FERC noted that it has previously ruled that power purchase agreements be backed by verifiable capacity in order to serve as capacity resources. It pointed to a 2008 order in which it said it did not consider a market participant’s statements “to be sufficient to constitute verification” and required that MISO be given a copy of a PPA to verify the capacity backing the agreement. The commission said SPP’s proposal lacked such requirements.

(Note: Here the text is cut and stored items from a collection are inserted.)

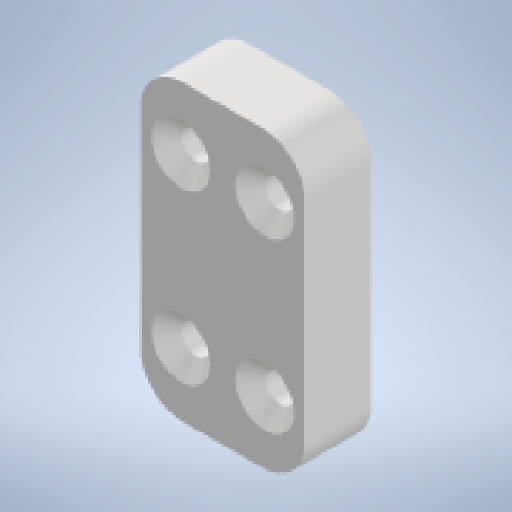
# Autodesk Inventor part: RailTab
Saved by Autodesk Inventor 2023.1 (Build 271208000, 208)
## iProperties
Created: 2023-06-05
Part Number: RailTab
Material: Generic
Document SubType Name: Modeling
Designer: hello
Density: 1 g/cm^3
Appearance: Default
Author: hello
Autodesk Inventor part; units mm, degrees
ref_plane "YZ Plane" through (0, 0, 0) normal (1, 0, 0) x (0, 1, 0)
ref_plane "XZ Plane" through (0, 0, 0) normal (0, 1, 0) x (-1, 0, 0)
ref_plane "XY Plane" through (0, 0, 0) normal (0, 0, 1) x (1, 0, 0)
sketch "Sketch1" plane through (0, 0, 0) normal (0, 0, 1) x (1, 0, 0)
  line L0 (-9.75, 17.5) -> (9.75, 17.5)
  line L1 (9.75, 17.5) -> (9.75, -17.5)
  line L2 (9.75, -17.5) -> (-9.75, -17.5)
  line L3 (-9.75, -17.5) -> (-9.75, 17.5)
  line L4 (-9.75, 17.5) -> (9.75, -17.5) construction
  line L5 (9.75, 17.5) -> (-9.75, -17.5) construction
  point P0 (0, 0)
  dimension "d0" = 19.5
  dimension "d1" = 35
  constraints: 12 end point, 2 midpoint, 2 parallel, 1 horizontal, 1 perpendicular
  measures "d0" distance of L1.end L2.end
  measures "d1" distance of L0.end L1.end
extrude "Extrusion1" add sketch "Sketch1" along normal blind 7.9
sketch "Sketch2" plane through (0, 0, 7.9) normal (0, 0, 1) x (1, 0, 0)
  line L0 (-5, 10) -> (5, 10)
  line L1 (5, 10) -> (5, -10)
  line L2 (5, -10) -> (-5, -10)
  line L3 (-5, -10) -> (-5, 10)
  line L4 (-5, 10) -> (5, -10) construction
  line L5 (5, 10) -> (-5, -10) construction
  point P0 (0, 0)
  dimension "d4" = 10
  dimension "d5" = 20
  constraints: 12 end point, 4 coincident, 2 midpoint, 2 parallel, 1 horizontal, 1 perpendicular
  measures "d4" distance of L1.end L2.end
  measures "d5" distance of L0.end L1.end
hole "Hole1" at (-5, 10, 7.9) at (5, 10, 7.9) at (5, -10, 7.9) at (-5, -10, 7.9) direction (0, 0, -1) diameter 3.4 end through all countersink diameter 8 countersink angle 90 clearance for "Countersunk Flat Head Screw ISO 2009/7046" size "M3" standard "ISO"
fillet "Fillet1" radius 5 4 edges at (9.75, -17.5, 3.95) (-9.75, -17.5, 3.95) (-9.75, 17.5, 3.95) (9.75, 17.5, 3.95)
body "Solid1"

“As such, SPP’s proposal fails to ensure that LREs that rely on power purchase agreements are providing sufficient capacity to meet their net peak demand plus planning reserve margin on the same basis as LREs that self-supply their own capacity, and therefore could result in unjust, unreasonable and unduly discriminatory determinations of deficiencies and assessments of deficiency payments,” FERC said.

The commission also said SPP’s proposed treatment of firm power purchases and sales in determining net peak demand could result in undue discrimination. It pointed to intervenors’ arguments that if the purchaser under the contract is an LRE located in SPP, but the seller is an entity located outside the footprint, then no entity would have the obligation to demonstrate to the RTO that there is sufficient capacity and planning reserves to meet the load in SPP served by the firm power contract. It said that LREs that purchase from an external seller should be responsible for meeting SPP’s RAR for the load served by the purchase.

FERC also found that SPP did not show that its proposal to post publicly which LREs have not met their RAR to be just and reasonable, and said that SPP failed to provide justification for “creating a new information asymmetry between deficient LREs and potential sellers of capacity.”

The commission noted that SPP’s market for bilateral capacity is “relatively net long” compared to the 12% reserve margin.

“As the amount of uncommitted capacity and the number of potential sellers shrink over this period, concerns over the potential exercise of market power could arise,” FERC said.